Overview
- Service type: Humsafar Express
- First service: 5 July 2018; 7 years ago (inaugural run) 16 July 2018; 7 years ago (regular service)
- Current operator(s): Western Railways

Route
- Termini: Tirunelveli Junction (TEN) Gandhidham Junction (GIMB)
- Stops: 21
- Distance travelled: 2,400 km (1,491 mi)
- Average journey time: 45 hours 10 mins
- Service frequency: Weekly
- Train number(s): 20923 / 20924

On-board services
- Class(es): AC 3 tier, Sleeper class
- Seating arrangements: Yes
- Sleeping arrangements: Yes
- Catering facilities: Available
- Observation facilities: Large windows
- Baggage facilities: No

Technical
- Rolling stock: LHB Humsafar
- Track gauge: 1,676 mm (5 ft 6 in)
- Operating speed: 54 km/h (34 mph) average including halts
- Rake maintenance: Gandhidham Junction

= Tirunelveli–Gandhidham Humsafar Express =

Train in India

The 20923 / 20924 Tirunelveli - Gandhidham Humsafar Express is a superfast express train belonging to Western Railway zone that runs between and in India.

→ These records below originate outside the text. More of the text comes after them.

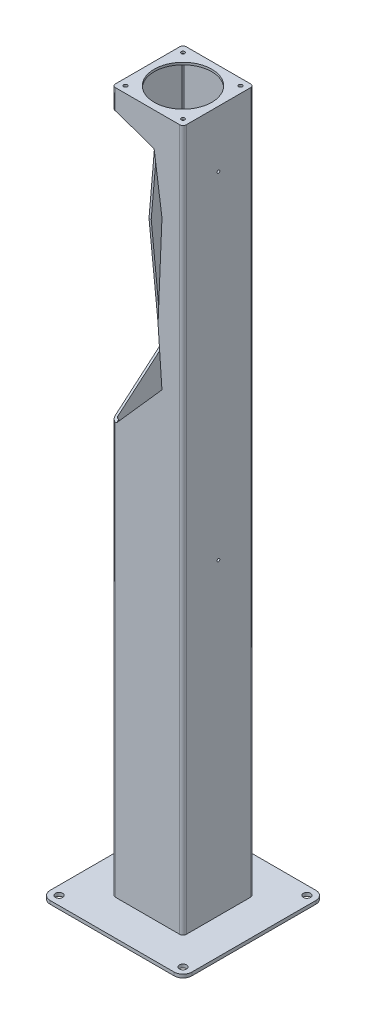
ISO-10303-21;
HEADER;
FILE_DESCRIPTION(('STEP AP214'),'2;1');
FILE_NAME('part.step','',(''),(''),'','','');
FILE_SCHEMA(('AUTOMOTIVE_DESIGN { 1 0 10303 214 1 1 1 1 }'));
ENDSEC;
DATA;
#1=APPLICATION_CONTEXT('core data for automotive mechanical design processes');
#2=APPLICATION_PROTOCOL_DEFINITION('international standard','automotive_design',2000,#1);
#3=PRODUCT_CONTEXT('',#1,'mechanical');
#4=PRODUCT('Part','Part','',(#3));
#5=PRODUCT_RELATED_PRODUCT_CATEGORY('part','',(#4));
#6=PRODUCT_DEFINITION_FORMATION('','',#4);
#7=PRODUCT_DEFINITION_CONTEXT('part definition',#1,'design');
#8=PRODUCT_DEFINITION('design','',#6,#7);
#9=PRODUCT_DEFINITION_SHAPE('','',#8);
#10=(LENGTH_UNIT() NAMED_UNIT(*) SI_UNIT(.MILLI.,.METRE.));
#11=(NAMED_UNIT(*) PLANE_ANGLE_UNIT() SI_UNIT($,.RADIAN.));
#12=(NAMED_UNIT(*) SI_UNIT($,.STERADIAN.) SOLID_ANGLE_UNIT());
#13=UNCERTAINTY_MEASURE_WITH_UNIT(LENGTH_MEASURE(1.E-05),#10,'distance_accuracy_value','');
#14=(GEOMETRIC_REPRESENTATION_CONTEXT(3) GLOBAL_UNCERTAINTY_ASSIGNED_CONTEXT((#13)) GLOBAL_UNIT_ASSIGNED_CONTEXT((#10,
#11,#12)) REPRESENTATION_CONTEXT('',''));
#15=CARTESIAN_POINT('',(0.,0.,0.));
#16=DIRECTION('',(0.,0.,1.));
#17=DIRECTION('',(1.,0.,0.));
#18=AXIS2_PLACEMENT_3D('',#15,#16,#17);
#19=CARTESIAN_POINT('',(-44.45,981.734205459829,50.8));
#20=DIRECTION('',(0.,0.956563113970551,-0.291525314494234));
#21=DIRECTION('',(0.,0.291525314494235,0.956563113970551));
#22=AXIS2_PLACEMENT_3D('',#19,#20,#21);
#23=PLANE('',#22);
#24=DIRECTION('',(1.,0.,0.));
#25=VECTOR('',#24,1.);
#26=CARTESIAN_POINT('',(-45.974,980.766582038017,47.625));
#27=LINE('',#26,#25);
#28=CARTESIAN_POINT('',(-45.974,980.766582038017,47.625));
#29=VERTEX_POINT('',#28);
#30=CARTESIAN_POINT('',(-45.2100930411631,980.766582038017,47.625));
#31=VERTEX_POINT('',#30);
#32=EDGE_CURVE('E734',#29,#31,#27,.T.);
#33=ORIENTED_EDGE('',*,*,#32,.T.);
#34=DIRECTION('',(-0.000574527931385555,0.291525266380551,0.956562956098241));
#35=VECTOR('',#34,1.);
#36=CARTESIAN_POINT('',(-45.2119997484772,981.7340778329,50.7995812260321));
#37=LINE('',#36,#35);
#38=CARTESIAN_POINT('',(-45.212,981.734205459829,50.8));
#39=VERTEX_POINT('',#38);
#40=EDGE_CURVE('E783',#31,#39,#37,.T.);
#41=ORIENTED_EDGE('',*,*,#40,.T.);
#42=DIRECTION('',(-1.,0.,0.));
#43=VECTOR('',#42,1.);
#44=CARTESIAN_POINT('',(-44.45,981.734205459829,50.8));
#45=LINE('',#44,#43);
#46=CARTESIAN_POINT('',(-45.974,981.734205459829,50.8));
#47=VERTEX_POINT('',#46);
#48=EDGE_CURVE('E393',#39,#47,#45,.T.);
#49=ORIENTED_EDGE('',*,*,#48,.T.);
#50=CARTESIAN_POINT('',(-45.974,980.263417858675,45.974));
#51=DIRECTION('',(0.,0.956563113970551,-0.291525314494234));
#52=DIRECTION('',(0.,-0.291525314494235,-0.956563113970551));
#53=AXIS2_PLACEMENT_3D('',#50,#51,#52);
#54=ELLIPSE('',#53,5.04514540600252,4.82599999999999);
#55=CARTESIAN_POINT('',(-50.8,980.263417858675,45.974));
#56=VERTEX_POINT('',#55);
#57=EDGE_CURVE('E396',#56,#47,#54,.T.);
#58=ORIENTED_EDGE('',*,*,#57,.F.);
#59=DIRECTION('',(0.,-0.291525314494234,-0.956563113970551));
#60=VECTOR('',#59,1.);
#61=CARTESIAN_POINT('',(-50.8,981.734205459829,50.8));
#62=LINE('',#61,#60);
#63=CARTESIAN_POINT('',(-50.8,968.333663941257,6.82967191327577));
#64=VERTEX_POINT('',#63);
#65=EDGE_CURVE('E792',#56,#64,#62,.T.);
#66=ORIENTED_EDGE('',*,*,#65,.T.);
#67=DIRECTION('',(-1.,0.,0.));
#68=VECTOR('',#67,1.);
#69=CARTESIAN_POINT('',(-44.45,968.333663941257,6.82967191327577));
#70=LINE('',#69,#68);
#71=CARTESIAN_POINT('',(-47.625,968.333663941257,6.82967191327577));
#72=VERTEX_POINT('',#71);
#73=EDGE_CURVE('E389',#72,#64,#70,.T.);
#74=ORIENTED_EDGE('',*,*,#73,.F.);
#75=DIRECTION('',(0.,0.291525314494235,0.956563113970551));
#76=VECTOR('',#75,1.);
#77=CARTESIAN_POINT('',(-47.625,957.202088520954,-29.6956448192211));
#78=LINE('',#77,#76);
#79=CARTESIAN_POINT('',(-47.625,980.263417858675,45.974));
#80=VERTEX_POINT('',#79);
#81=EDGE_CURVE('E378',#72,#80,#78,.T.);
#82=ORIENTED_EDGE('',*,*,#81,.T.);
#83=CARTESIAN_POINT('',(-45.974,980.263417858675,45.974));
#84=DIRECTION('',(0.,0.956563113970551,-0.291525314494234));
#85=DIRECTION('',(0.,-0.291525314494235,-0.956563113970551));
#86=AXIS2_PLACEMENT_3D('',#83,#84,#85);
#87=ELLIPSE('',#86,1.72597079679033,1.65099999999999);
#88=EDGE_CURVE('E375',#80,#29,#87,.T.);
#89=ORIENTED_EDGE('',*,*,#88,.T.);
#90=EDGE_LOOP('',(#33,#41,#49,#58,#66,#74,#82,#89));
#91=FACE_BOUND('',#90,.T.);
#92=ADVANCED_FACE('F32',(#91),#23,.F.);
#93=CARTESIAN_POINT('',(-45.974,1010.6152,45.974));
#94=DIRECTION('',(0.,-1.,0.));
#95=DIRECTION('',(0.,0.,-1.));
#96=AXIS2_PLACEMENT_3D('',#93,#94,#95);
#97=CYLINDRICAL_SURFACE('',#96,4.82599999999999);
#98=DIRECTION('',(0.,-1.,0.));
#99=VECTOR('',#98,1.);
#100=CARTESIAN_POINT('',(-45.974,1010.6152,50.8));
#101=LINE('',#100,#99);
#102=CARTESIAN_POINT('',(-45.974,595.082415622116,50.8));
#103=VERTEX_POINT('',#102);
#104=CARTESIAN_POINT('',(-45.974,4.7752,50.8));
#105=VERTEX_POINT('',#104);
#106=EDGE_CURVE('E629',#103,#105,#101,.T.);
#107=ORIENTED_EDGE('',*,*,#106,.F.);
#108=CARTESIAN_POINT('',(-45.974,599.201125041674,45.974));
#109=DIRECTION('',(0.,-0.760645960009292,-0.649166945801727));
#110=DIRECTION('',(0.,-0.649166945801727,0.760645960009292));
#111=AXIS2_PLACEMENT_3D('',#108,#109,#110);
#112=ELLIPSE('',#111,6.34460741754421,4.82599999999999);
#113=CARTESIAN_POINT('',(-50.8,599.201125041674,45.974));
#114=VERTEX_POINT('',#113);
#115=EDGE_CURVE('E374',#103,#114,#112,.T.);
#116=ORIENTED_EDGE('',*,*,#115,.T.);
#117=DIRECTION('',(0.,-1.,0.));
#118=VECTOR('',#117,1.);
#119=CARTESIAN_POINT('',(-50.8,1010.6152,45.974));
#120=LINE('',#119,#118);
#121=CARTESIAN_POINT('',(-50.8,4.7752,45.974));
#122=VERTEX_POINT('',#121);
#123=EDGE_CURVE('E633',#114,#122,#120,.T.);
#124=ORIENTED_EDGE('',*,*,#123,.T.);
#125=CARTESIAN_POINT('',(-45.974,4.7752,45.974));
#126=DIRECTION('',(0.,1.,0.));
#127=DIRECTION('',(0.,0.,1.));
#128=AXIS2_PLACEMENT_3D('',#125,#126,#127);
#129=CIRCLE('',#128,4.82599999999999);
#130=EDGE_CURVE('E622',#122,#105,#129,.T.);
#131=ORIENTED_EDGE('',*,*,#130,.T.);
#132=EDGE_LOOP('',(#107,#116,#124,#131));
#133=FACE_BOUND('',#132,.T.);
#134=ADVANCED_FACE('F809',(#133),#97,.T.);
#135=CARTESIAN_POINT('',(-45.974,1010.6152,45.974));
#136=DIRECTION('',(0.,-1.,0.));
#137=DIRECTION('',(0.,0.,-1.));
#138=AXIS2_PLACEMENT_3D('',#135,#136,#137);
#139=CYLINDRICAL_SURFACE('',#138,1.65099999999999);
#140=CARTESIAN_POINT('',(-45.974,599.201125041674,45.974));
#141=DIRECTION('',(0.,-0.760645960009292,-0.649166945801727));
#142=DIRECTION('',(0.,-0.649166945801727,0.760645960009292));
#143=AXIS2_PLACEMENT_3D('',#140,#141,#142);
#144=ELLIPSE('',#143,2.17052359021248,1.65099999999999);
#145=CARTESIAN_POINT('',(-45.974,597.792092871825,47.625));
#146=VERTEX_POINT('',#145);
#147=CARTESIAN_POINT('',(-47.625,599.201125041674,45.974));
#148=VERTEX_POINT('',#147);
#149=EDGE_CURVE('E399',#146,#148,#144,.T.);
#150=ORIENTED_EDGE('',*,*,#149,.F.);
#151=DIRECTION('',(0.,1.,0.));
#152=VECTOR('',#151,1.);
#153=CARTESIAN_POINT('',(-45.974,1010.6152,47.625));
#154=LINE('',#153,#152);
#155=CARTESIAN_POINT('',(-45.974,1.60019999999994,47.625));
#156=VERTEX_POINT('',#155);
#157=EDGE_CURVE('E526',#146,#156,#154,.F.);
#158=ORIENTED_EDGE('',*,*,#157,.T.);
#159=CARTESIAN_POINT('',(-45.974,1.60019999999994,45.974));
#160=DIRECTION('',(0.,1.,0.));
#161=DIRECTION('',(0.,0.,1.));
#162=AXIS2_PLACEMENT_3D('',#159,#160,#161);
#163=CIRCLE('',#162,1.65099999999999);
#164=CARTESIAN_POINT('',(-47.625,1.60019999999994,45.974));
#165=VERTEX_POINT('',#164);
#166=EDGE_CURVE('E446',#165,#156,#163,.T.);
#167=ORIENTED_EDGE('',*,*,#166,.F.);
#168=DIRECTION('',(0.,-1.,0.));
#169=VECTOR('',#168,1.);
#170=CARTESIAN_POINT('',(-47.625,1010.6152,45.974));
#171=LINE('',#170,#169);
#172=EDGE_CURVE('E550',#148,#165,#171,.T.);
#173=ORIENTED_EDGE('',*,*,#172,.F.);
#174=EDGE_LOOP('',(#150,#158,#167,#173));
#175=FACE_BOUND('',#174,.T.);
#176=ADVANCED_FACE('F887',(#175),#139,.F.);
#177=CARTESIAN_POINT('',(-88.9,0.,88.9));
#178=DIRECTION('',(0.,1.,0.));
#179=DIRECTION('',(0.,0.,1.));
#180=AXIS2_PLACEMENT_3D('',#177,#178,#179);
#181=PLANE('',#180);
#182=CARTESIAN_POINT('',(-88.9,0.,-88.9));
#183=DIRECTION('',(0.,1.,0.));
#184=DIRECTION('',(0.,0.,1.));
#185=AXIS2_PLACEMENT_3D('',#182,#183,#184);
#186=CIRCLE('',#185,5.20700000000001);
#187=CARTESIAN_POINT('',(-88.9,0.,-83.693));
#188=VERTEX_POINT('',#187);
#189=EDGE_CURVE('E668',#188,#188,#186,.T.);
#190=ORIENTED_EDGE('',*,*,#189,.T.);
#191=EDGE_LOOP('',(#190));
#192=FACE_BOUND('',#191,.T.);
#193=CARTESIAN_POINT('',(-88.9,0.,-88.9));
#194=DIRECTION('',(0.,1.,0.));
#195=DIRECTION('',(0.,0.,1.));
#196=AXIS2_PLACEMENT_3D('',#193,#194,#195);
#197=CIRCLE('',#196,8.38200000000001);
#198=CARTESIAN_POINT('',(-88.9,0.,-80.518));
#199=VERTEX_POINT('',#198);
#200=EDGE_CURVE('E472',#199,#199,#197,.T.);
#201=ORIENTED_EDGE('',*,*,#200,.F.);
#202=EDGE_LOOP('',(#201));
#203=FACE_BOUND('',#202,.T.);
#204=ADVANCED_FACE('F1044',(#192,#203),#181,.F.);
#205=CARTESIAN_POINT('',(88.9,0.,-88.9));
#206=DIRECTION('',(0.,1.,0.));
#207=DIRECTION('',(0.,0.,1.));
#208=AXIS2_PLACEMENT_3D('',#205,#206,#207);
#209=CIRCLE('',#208,5.20699999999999);
#210=CARTESIAN_POINT('',(88.9,0.,-83.693));
#211=VERTEX_POINT('',#210);
#212=EDGE_CURVE('E662',#211,#211,#209,.T.);
#213=ORIENTED_EDGE('',*,*,#212,.T.);
#214=EDGE_LOOP('',(#213));
#215=FACE_BOUND('',#214,.T.);
#216=CARTESIAN_POINT('',(88.9,0.,-88.9));
#217=DIRECTION('',(0.,1.,0.));
#218=DIRECTION('',(0.,0.,1.));
#219=AXIS2_PLACEMENT_3D('',#216,#217,#218);
#220=CIRCLE('',#219,8.38199999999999);
#221=CARTESIAN_POINT('',(88.9,0.,-80.518));
#222=VERTEX_POINT('',#221);
#223=EDGE_CURVE('E466',#222,#222,#220,.T.);
#224=ORIENTED_EDGE('',*,*,#223,.F.);
#225=EDGE_LOOP('',(#224));
#226=FACE_BOUND('',#225,.T.);
#227=ADVANCED_FACE('F1300',(#215,#226),#181,.F.);
#228=CARTESIAN_POINT('',(88.9,0.,88.9));
#229=DIRECTION('',(0.,1.,0.));
#230=DIRECTION('',(0.,0.,1.));
#231=AXIS2_PLACEMENT_3D('',#228,#229,#230);
#232=CIRCLE('',#231,5.20700000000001);
#233=CARTESIAN_POINT('',(88.9,0.,94.107));
#234=VERTEX_POINT('',#233);
#235=EDGE_CURVE('E656',#234,#234,#232,.T.);
#236=ORIENTED_EDGE('',*,*,#235,.T.);
#237=EDGE_LOOP('',(#236));
#238=FACE_BOUND('',#237,.T.);
#239=CARTESIAN_POINT('',(88.9,0.,88.9));
#240=DIRECTION('',(0.,1.,0.));
#241=DIRECTION('',(0.,0.,1.));
#242=AXIS2_PLACEMENT_3D('',#239,#240,#241);
#243=CIRCLE('',#242,8.38200000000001);
#244=CARTESIAN_POINT('',(88.9,0.,97.282));
#245=VERTEX_POINT('',#244);
#246=EDGE_CURVE('E467',#245,#245,#243,.T.);
#247=ORIENTED_EDGE('',*,*,#246,.F.);
#248=EDGE_LOOP('',(#247));
#249=FACE_BOUND('',#248,.T.);
#250=ADVANCED_FACE('F1311',(#238,#249),#181,.F.);
#251=CARTESIAN_POINT('',(-88.9,0.,88.9));
#252=DIRECTION('',(0.,1.,0.));
#253=DIRECTION('',(0.,0.,1.));
#254=AXIS2_PLACEMENT_3D('',#251,#252,#253);
#255=CIRCLE('',#254,5.20700000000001);
#256=CARTESIAN_POINT('',(-88.9,0.,94.107));
#257=VERTEX_POINT('',#256);
#258=EDGE_CURVE('E652',#257,#257,#255,.T.);
#259=ORIENTED_EDGE('',*,*,#258,.T.);
#260=EDGE_LOOP('',(#259));
#261=FACE_BOUND('',#260,.T.);
#262=CARTESIAN_POINT('',(-88.9,0.,88.9));
#263=DIRECTION('',(0.,1.,0.));
#264=DIRECTION('',(0.,0.,1.));
#265=AXIS2_PLACEMENT_3D('',#262,#263,#264);
#266=CIRCLE('',#265,8.38200000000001);
#267=CARTESIAN_POINT('',(-88.9,0.,97.282));
#268=VERTEX_POINT('',#267);
#269=EDGE_CURVE('E498',#268,#268,#266,.T.);
#270=ORIENTED_EDGE('',*,*,#269,.F.);
#271=EDGE_LOOP('',(#270));
#272=FACE_BOUND('',#271,.T.);
#273=ADVANCED_FACE('F1319',(#261,#272),#181,.F.);
#274=CARTESIAN_POINT('',(-88.9,4.7752,88.9));
#275=DIRECTION('',(0.,1.,0.));
#276=DIRECTION('',(0.,0.,1.));
#277=AXIS2_PLACEMENT_3D('',#274,#275,#276);
#278=PLANE('',#277);
#279=CARTESIAN_POINT('',(45.974,4.7752,45.974));
#280=DIRECTION('',(0.,1.,0.));
#281=DIRECTION('',(0.,0.,1.));
#282=AXIS2_PLACEMENT_3D('',#279,#280,#281);
#283=CIRCLE('',#282,4.82599999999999);
#284=CARTESIAN_POINT('',(45.974,4.7752,50.8));
#285=VERTEX_POINT('',#284);
#286=CARTESIAN_POINT('',(50.8,4.7752,45.974));
#287=VERTEX_POINT('',#286);
#288=EDGE_CURVE('E502',#285,#287,#283,.T.);
#289=ORIENTED_EDGE('',*,*,#288,.F.);
#290=DIRECTION('',(1.,0.,0.));
#291=VECTOR('',#290,1.);
#292=CARTESIAN_POINT('',(-45.974,4.7752,50.8));
#293=LINE('',#292,#291);
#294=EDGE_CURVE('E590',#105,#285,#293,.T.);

It was announced to be operated with 19423/19424 train numbers on weekly basis.

The inaugural special service of Gandhidham - Tirunelveli Humsafar Express (09424) was flagged off by Minister of States of Railways Rajen Gohain on 5 July 2018. The regular service started from 16th of that month.

==Coach composition ==

The Tirunelveli – Gandhidham Humsafar Express operates with 3-Tier AC coaches and sleeper class coaches with LED screens to display information about stations, train speed etc. and has announcement system as well, Vending machines for tea, coffee and milk, Bio toilets in compartments as well as CCTV cameras.

Loco: 1; 2; 3; 4; 5; 6; 7; 8; 9; 10; 11; 12; 13; 14; 15; 16; 17; 18; 19; 20; 21; 22; 23; 24
EOG; B12; B11; B10; B9; B8; B7; B6; B5; B4; B3; B2; B1; PC; S9; S8; S7; S6; S5; S4; S3; S2; S1; EOG

==Traction==

Both trains are hauled by a Vadodara Loco Shed based WAP-7 electric locomotive on its entire journey.

== Demands ==
There are also demands to extend this train from Tirunelveli Junction to Madurai Junction.There is also demand that the train needed stopping in Valliyoor (VLY) and Parassala (PASA) railway station.